Entries follow. Give back exactly the lines starting at the one containing "speed : Outport" and ending at the one containing "DRV Enable : Subsystem", and no other lines.

-- Opening Marker --

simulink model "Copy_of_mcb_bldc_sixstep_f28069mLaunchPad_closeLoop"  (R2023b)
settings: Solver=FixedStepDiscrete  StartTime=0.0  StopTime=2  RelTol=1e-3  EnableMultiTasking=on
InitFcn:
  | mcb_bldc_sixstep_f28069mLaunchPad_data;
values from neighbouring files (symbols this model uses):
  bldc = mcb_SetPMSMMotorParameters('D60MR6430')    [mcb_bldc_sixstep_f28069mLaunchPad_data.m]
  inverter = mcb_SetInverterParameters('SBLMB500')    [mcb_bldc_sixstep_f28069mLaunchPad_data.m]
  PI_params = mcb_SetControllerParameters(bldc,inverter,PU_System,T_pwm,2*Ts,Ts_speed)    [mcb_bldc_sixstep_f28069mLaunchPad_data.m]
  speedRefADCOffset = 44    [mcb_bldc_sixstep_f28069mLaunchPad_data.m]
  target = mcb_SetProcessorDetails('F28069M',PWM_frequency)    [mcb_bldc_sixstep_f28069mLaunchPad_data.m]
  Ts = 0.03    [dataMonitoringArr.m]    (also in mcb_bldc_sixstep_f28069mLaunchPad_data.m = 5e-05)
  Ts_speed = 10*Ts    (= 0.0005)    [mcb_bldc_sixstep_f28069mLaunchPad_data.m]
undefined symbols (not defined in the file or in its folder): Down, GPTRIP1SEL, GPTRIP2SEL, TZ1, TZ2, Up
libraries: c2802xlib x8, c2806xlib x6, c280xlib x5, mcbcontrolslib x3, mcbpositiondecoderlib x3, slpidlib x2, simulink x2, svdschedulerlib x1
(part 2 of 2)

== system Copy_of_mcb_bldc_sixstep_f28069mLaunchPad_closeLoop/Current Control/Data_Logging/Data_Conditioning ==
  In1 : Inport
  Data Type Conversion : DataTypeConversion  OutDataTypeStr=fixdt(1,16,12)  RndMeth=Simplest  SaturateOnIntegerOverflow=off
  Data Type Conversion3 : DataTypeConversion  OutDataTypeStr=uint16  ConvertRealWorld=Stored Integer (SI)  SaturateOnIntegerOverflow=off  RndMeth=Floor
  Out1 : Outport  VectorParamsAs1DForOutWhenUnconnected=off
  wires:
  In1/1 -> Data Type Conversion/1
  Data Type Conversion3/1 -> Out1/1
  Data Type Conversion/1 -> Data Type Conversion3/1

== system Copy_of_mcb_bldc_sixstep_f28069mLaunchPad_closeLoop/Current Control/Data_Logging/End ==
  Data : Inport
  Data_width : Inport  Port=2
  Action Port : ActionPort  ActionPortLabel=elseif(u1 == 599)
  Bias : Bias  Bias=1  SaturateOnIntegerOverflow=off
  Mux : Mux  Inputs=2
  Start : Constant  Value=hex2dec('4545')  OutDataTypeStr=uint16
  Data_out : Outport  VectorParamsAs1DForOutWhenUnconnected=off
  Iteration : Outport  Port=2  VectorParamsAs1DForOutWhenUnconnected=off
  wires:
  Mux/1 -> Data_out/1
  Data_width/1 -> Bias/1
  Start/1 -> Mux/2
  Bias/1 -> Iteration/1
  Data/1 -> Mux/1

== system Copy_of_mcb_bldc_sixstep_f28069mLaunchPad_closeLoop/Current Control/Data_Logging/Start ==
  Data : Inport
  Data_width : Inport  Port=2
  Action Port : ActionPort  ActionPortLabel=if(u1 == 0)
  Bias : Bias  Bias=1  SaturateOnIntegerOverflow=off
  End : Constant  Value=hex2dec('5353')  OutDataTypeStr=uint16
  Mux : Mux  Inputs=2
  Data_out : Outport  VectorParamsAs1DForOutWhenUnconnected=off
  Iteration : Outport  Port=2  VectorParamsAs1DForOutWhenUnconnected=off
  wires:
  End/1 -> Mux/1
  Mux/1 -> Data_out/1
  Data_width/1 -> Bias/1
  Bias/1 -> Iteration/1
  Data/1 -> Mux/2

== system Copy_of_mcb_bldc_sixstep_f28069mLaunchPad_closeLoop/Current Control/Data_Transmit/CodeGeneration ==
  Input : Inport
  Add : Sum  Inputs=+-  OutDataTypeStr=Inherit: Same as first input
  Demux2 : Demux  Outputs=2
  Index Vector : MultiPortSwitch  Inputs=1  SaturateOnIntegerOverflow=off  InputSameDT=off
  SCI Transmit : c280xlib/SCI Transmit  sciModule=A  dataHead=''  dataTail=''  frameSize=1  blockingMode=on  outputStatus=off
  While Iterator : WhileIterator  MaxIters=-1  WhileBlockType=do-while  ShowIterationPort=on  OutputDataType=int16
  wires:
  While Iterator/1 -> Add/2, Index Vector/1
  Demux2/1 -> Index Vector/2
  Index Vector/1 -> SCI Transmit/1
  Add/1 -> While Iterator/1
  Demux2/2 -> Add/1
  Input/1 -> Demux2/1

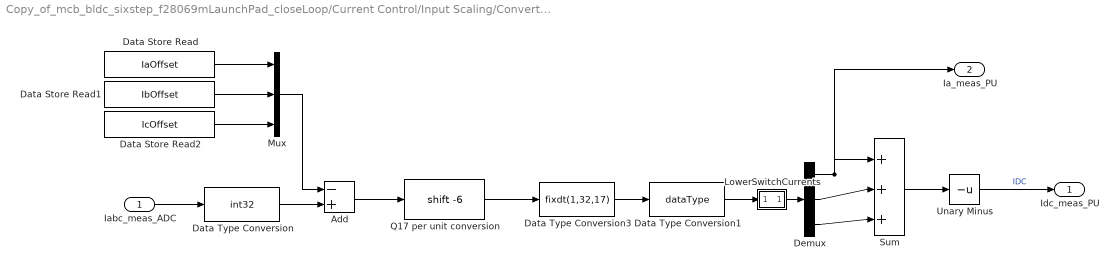
== system Copy_of_mcb_bldc_sixstep_f28069mLaunchPad_closeLoop/Current Control/Input Scaling/Convert ADC value to PU ==
  Iabc_meas_ADC : Inport
  Add : Sum  Inputs=-+
  Data Store Read : DataStoreRead  DataStoreName=IaOffset  IndexOptions=Index vector (dialog)  Indices=1  OutputSizes=1
  Data Store Read1 : DataStoreRead  DataStoreName=IbOffset  IndexOptions=Index vector (dialog)  Indices=1  OutputSizes=1
  Data Store Read2 : DataStoreRead  DataStoreName=IcOffset  IndexOptions=Index vector (dialog)  Indices=1  OutputSizes=1
  Data Type Conversion : DataTypeConversion  OutDataTypeStr=int32  ConvertRealWorld=Stored Integer (SI)  SaturateOnIntegerOverflow=off  RndMeth=Floor
  Data Type Conversion1 : DataTypeConversion  OutDataTypeStr=dataType  SaturateOnIntegerOverflow=off  RndMeth=Floor
  Data Type Conversion3 : DataTypeConversion  OutDataTypeStr=fixdt(1,32,17)  ConvertRealWorld=Stored Integer (SI)  RndMeth=Simplest  SaturateOnIntegerOverflow=off
  Demux : Demux  Outputs=3
  LowerSwitchCurrents : Subsystem
  Mux : Mux  Inputs=3
  Q17 per unit conversion : ArithShift  BitShiftNumber=-6
  Sum : Sum  Inputs=|+++
  Unary Minus : UnaryMinus
  Idc_meas_PU : Outport
  Ia_meas_PU : Outport  Port=2
  wires:
  Data Type Conversion3/1 -> Data Type Conversion1/1
  Q17 per unit conversion/1 -> Data Type Conversion3/1
  Demux/2 -> Sum/2
  Demux/1 -> Ia_meas_PU/1, Sum/1
  Sum/1 -> Unary Minus/1
  Demux/3 -> Sum/3
  Data Type Conversion1/1 -> LowerSwitchCurrents/1(in)
  Data Store Read2/1 -> Mux/3
  Data Store Read1/1 -> Mux/2
  Data Store Read/1 -> Mux/1
  Iabc_meas_ADC/1 -> Data Type Conversion/1
  Data Type Conversion/1 -> Add/2
  Mux/1 -> Add/1
  Add/1 -> Q17 per unit conversion/1
  Unary Minus/1 -> Idc_meas_PU/1  "IDC"
  LowerSwitchCurrents/1(cu) -> Demux/1

== system Copy_of_mcb_bldc_sixstep_f28069mLaunchPad_closeLoop/Current Control/Input Scaling/QEP Feedback ==
  Qep_Meas : Inport
  " Calculate Position and Speed" : Subsystem
  Demux : Demux  Outputs=2
  IndexOffset : Constant  Value=bldc.PositionOffset  OutDataTypeStr=dataType  SampleTime=-1
  speed : Outport
  Theta_e : Outport  Port=2
  wires:
  Demux/1 -> " Calculate Position and Speed"/1(QEP_Position_Count)
  IndexOffset/1 -> " Calculate Position and Speed"/3(Offset)
  Demux/2 -> " Calculate Position and Speed"/2(QEP_Index_Latch)
  " Calculate Position and Speed"/1(Theta_e) -> Theta_e/1
  Qep_Meas/1 -> Demux/1
  " Calculate Position and Speed"/2(speed) -> speed/1

== system Copy_of_mcb_bldc_sixstep_f28069mLaunchPad_closeLoop/Current Control/Sensor Driver Blocks/Convert ADC to PU ==
  ADCin : Inport
  ADCThreshold : Switch  Criteria=u2 > Threshold  Threshold=speedRefADCOffset  SaturateOnIntegerOverflow=off  InputSameDT=off
  Constant : Constant  Value=speedRefADCOffset
  LowerThreshold : Constant  Value=0
  Sum : Sum  Inputs=-|+
  Torque sign : Subsystem
  conductSpeed : Product  OutDataTypeStr=single
  toPU : Gain  Gain=1/4096  OutDataTypeStr=single
  speedPUout : Outport
  wires:
  Torque sign/1(TorqueSign) -> conductSpeed/1
  LowerThreshold/1 -> ADCThreshold/3
  toPU/1 -> conductSpeed/2
  conductSpeed/1 -> speedPUout/1
  ADCin/1 -> Sum/2, ADCThreshold/2
  ADCThreshold/1 -> toPU/1
  Constant/1 -> Sum/1
  Sum/1 -> ADCThreshold/1

== system Copy_of_mcb_bldc_sixstep_f28069mLaunchPad_closeLoop/Hardware Init/Variant Subsystem/Code Generation ==
  note: for BoostXL-DRV8305 connected to LaunchXL-28069M
  note: System Outputs
  In1 : Inport
  ADC Calib Enable : Constant  Value=inverter.ADCOffsetCalibEnable
  "Calculate ADC Offset " : Subsystem  Priority=1001  TreatAsAtomicUnit=on
  DRV Enable : Subsystem  Priority=1
  Default ADC Offset : Subsystem  Priority=1001  TreatAsAtomicUnit=on
  NOT : Logic  Operator=NOT  IconShape=distinctive  AllPortsSameDT=off  OutDataTypeStr=boolean
  wires:
  In1/1 -> DRV Enable/1(In)
  NOT/1 -> Default ADC Offset/Enable
  ADC Calib Enable/1 -> "Calculate ADC Offset "/Enable, NOT/1

== system Copy_of_mcb_bldc_sixstep_f28069mLaunchPad_closeLoop/Hardware Init/Variant Subsystem/Simulation ==
  In1 : Inport
  Terminator : Terminator
  wires:
  In1/1 -> Terminator/1

== system Copy_of_mcb_bldc_sixstep_f28069mLaunchPad_closeLoop/To_LCD/Data_Logging/Data ==
  Data : Inport
  Data_width : Inport  Port=2
  Action Port : ActionPort  ActionPortLabel=else
  Mux : Mux  Inputs=2
  Start : Constant  Value=hex2dec('0000')  OutDataTypeStr=uint16
  Data_out : Outport  VectorParamsAs1DForOutWhenUnconnected=off
  Iteration : Outport  Port=2  VectorParamsAs1DForOutWhenUnconnected=off
  wires:
  Start/1 -> Mux/2
  Mux/1 -> Data_out/1
  Data/1 -> Mux/1
  Data_width/1 -> Iteration/1

== system Copy_of_mcb_bldc_sixstep_f28069mLaunchPad_closeLoop/To_LCD/Data_Logging/Data_Conditioning ==
  rawDataIn : Inport
  convertTo_sfix16_En12 : DataTypeConversion  OutDataTypeStr=fixdt(1,16,12)  RndMeth=Simplest  SaturateOnIntegerOverflow=off
  convertTo_uint16 : DataTypeConversion  OutDataTypeStr=uint16  ConvertRealWorld=Stored Integer (SI)  SaturateOnIntegerOverflow=off  RndMeth=Floor
  convertedData : Outport  VectorParamsAs1DForOutWhenUnconnected=off
  wires:
  rawDataIn/1 -> convertTo_sfix16_En12/1
  convertTo_uint16/1 -> convertedData/1
  convertTo_sfix16_En12/1 -> convertTo_uint16/1

== system Copy_of_mcb_bldc_sixstep_f28069mLaunchPad_closeLoop/To_LCD/Data_Logging/End ==
  Data : Inport
  Data_width : Inport  Port=2
  Action Port : ActionPort  ActionPortLabel=elseif(u1 == 2)
  Bias : Bias  Bias=1  SaturateOnIntegerOverflow=off
  Mux : Mux  Inputs=2
  Start : Constant  Value=hex2dec('4545')  OutDataTypeStr=uint16
  Data_out : Outport  VectorParamsAs1DForOutWhenUnconnected=off
  Iteration : Outport  Port=2  VectorParamsAs1DForOutWhenUnconnected=off
  wires:
  Mux/1 -> Data_out/1
  Data_width/1 -> Bias/1
  Start/1 -> Mux/2
  Bias/1 -> Iteration/1
  Data/1 -> Mux/1

== system Copy_of_mcb_bldc_sixstep_f28069mLaunchPad_closeLoop/To_LCD/Data_Logging/Start ==
  Data : Inport
  Data_width : Inport  Port=2
  Action Port : ActionPort  ActionPortLabel=if(u1 == 0)
  Bias : Bias  Bias=1  SaturateOnIntegerOverflow=off
  End : Constant  Value=hex2dec('5353')  OutDataTypeStr=uint16
  Mux : Mux  Inputs=2
  Data_out : Outport  VectorParamsAs1DForOutWhenUnconnected=off
  Iteration : Outport  Port=2  VectorParamsAs1DForOutWhenUnconnected=off
  wires:
  End/1 -> Mux/1
  Mux/1 -> Data_out/1
  Data_width/1 -> Bias/1
  Bias/1 -> Iteration/1
  Data/1 -> Mux/2

== system Copy_of_mcb_bldc_sixstep_f28069mLaunchPad_closeLoop/Current Control/Input Scaling/Convert ADC value to PU/LowerSwitchCurrents ==
  in : Inport
  Constant : Constant  Value=0
  Data Type Conversion : DataTypeConversion  SaturateOnIntegerOverflow=off  RndMeth=Floor
  Switch : Switch  Criteria=u2 > Threshold  SaturateOnIntegerOverflow=off  InputSameDT=off
  cu : Outport
  wires:
  Constant/1 -> Switch/1
  in/1 -> Switch/2, Switch/3
  Switch/1 -> Data Type Conversion/1  "cu"
  Data Type Conversion/1 -> cu/1

== system Copy_of_mcb_bldc_sixstep_f28069mLaunchPad_closeLoop/Current Control/Input Scaling/QEP Feedback/ Calculate Position and Speed ==
  QEP_Position_Count : Inport
  QEP_Index_Latch : Inport  Port=2
  Offset : Inport  Port=3
  IIR Filter : mcbcontrolslib/IIR Filter  VariantControl=Low Pass Filter  VariantSelect=Low-pass  Filter_constant=0.01  advancedSettings=off  Ts=50e-6  cutOff_freq=32.1525
  Mechanical to Electrical Position : mcbpositiondecoderlib/Mechanical to Electrical Position  PolePairsInputType=Specify via dialog  NrPP=bldc.p  selectedRange=Per unit  MechOfstInputType=Input port  mechOffsetIn=0  maxAngleIn=1  InputDataType=dataType  VariantSelect=floating-point
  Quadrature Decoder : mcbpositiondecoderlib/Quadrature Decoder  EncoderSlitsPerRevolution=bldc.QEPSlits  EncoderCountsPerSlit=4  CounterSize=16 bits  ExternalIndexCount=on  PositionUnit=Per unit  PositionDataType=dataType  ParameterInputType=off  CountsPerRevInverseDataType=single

-- Closing Marker --

### WRITTEN RESPONSE
  speed : Outport
  Theta_e : Outport  Port=2
  wires:
  Demux/1 -> " Calculate Position and Speed"/1(QEP_Position_Count)
  IndexOffset/1 -> " Calculate Position and Speed"/3(Offset)
  Demux/2 -> " Calculate Position and Speed"/2(QEP_Index_Latch)
  " Calculate Position and Speed"/1(Theta_e) -> Theta_e/1
  Qep_Meas/1 -> Demux/1
  " Calculate Position and Speed"/2(speed) -> speed/1

== system Copy_of_mcb_bldc_sixstep_f28069mLaunchPad_closeLoop/Current Control/Sensor Driver Blocks/Convert ADC to PU ==
  ADCin : Inport
  ADCThreshold : Switch  Criteria=u2 > Threshold  Threshold=speedRefADCOffset  SaturateOnIntegerOverflow=off  InputSameDT=off
  Constant : Constant  Value=speedRefADCOffset
  LowerThreshold : Constant  Value=0
  Sum : Sum  Inputs=-|+
  Torque sign : Subsystem
  conductSpeed : Product  OutDataTypeStr=single
  toPU : Gain  Gain=1/4096  OutDataTypeStr=single
  speedPUout : Outport
  wires:
  Torque sign/1(TorqueSign) -> conductSpeed/1
  LowerThreshold/1 -> ADCThreshold/3
  toPU/1 -> conductSpeed/2
  conductSpeed/1 -> speedPUout/1
  ADCin/1 -> Sum/2, ADCThreshold/2
  ADCThreshold/1 -> toPU/1
  Constant/1 -> Sum/1
  Sum/1 -> ADCThreshold/1

== system Copy_of_mcb_bldc_sixstep_f28069mLaunchPad_closeLoop/Hardware Init/Variant Subsystem/Code Generation ==
  note: for BoostXL-DRV8305 connected to LaunchXL-28069M
  note: System Outputs
  In1 : Inport
  ADC Calib Enable : Constant  Value=inverter.ADCOffsetCalibEnable
  "Calculate ADC Offset " : Subsystem  Priority=1001  TreatAsAtomicUnit=on
  DRV Enable : Subsystem  Priority=1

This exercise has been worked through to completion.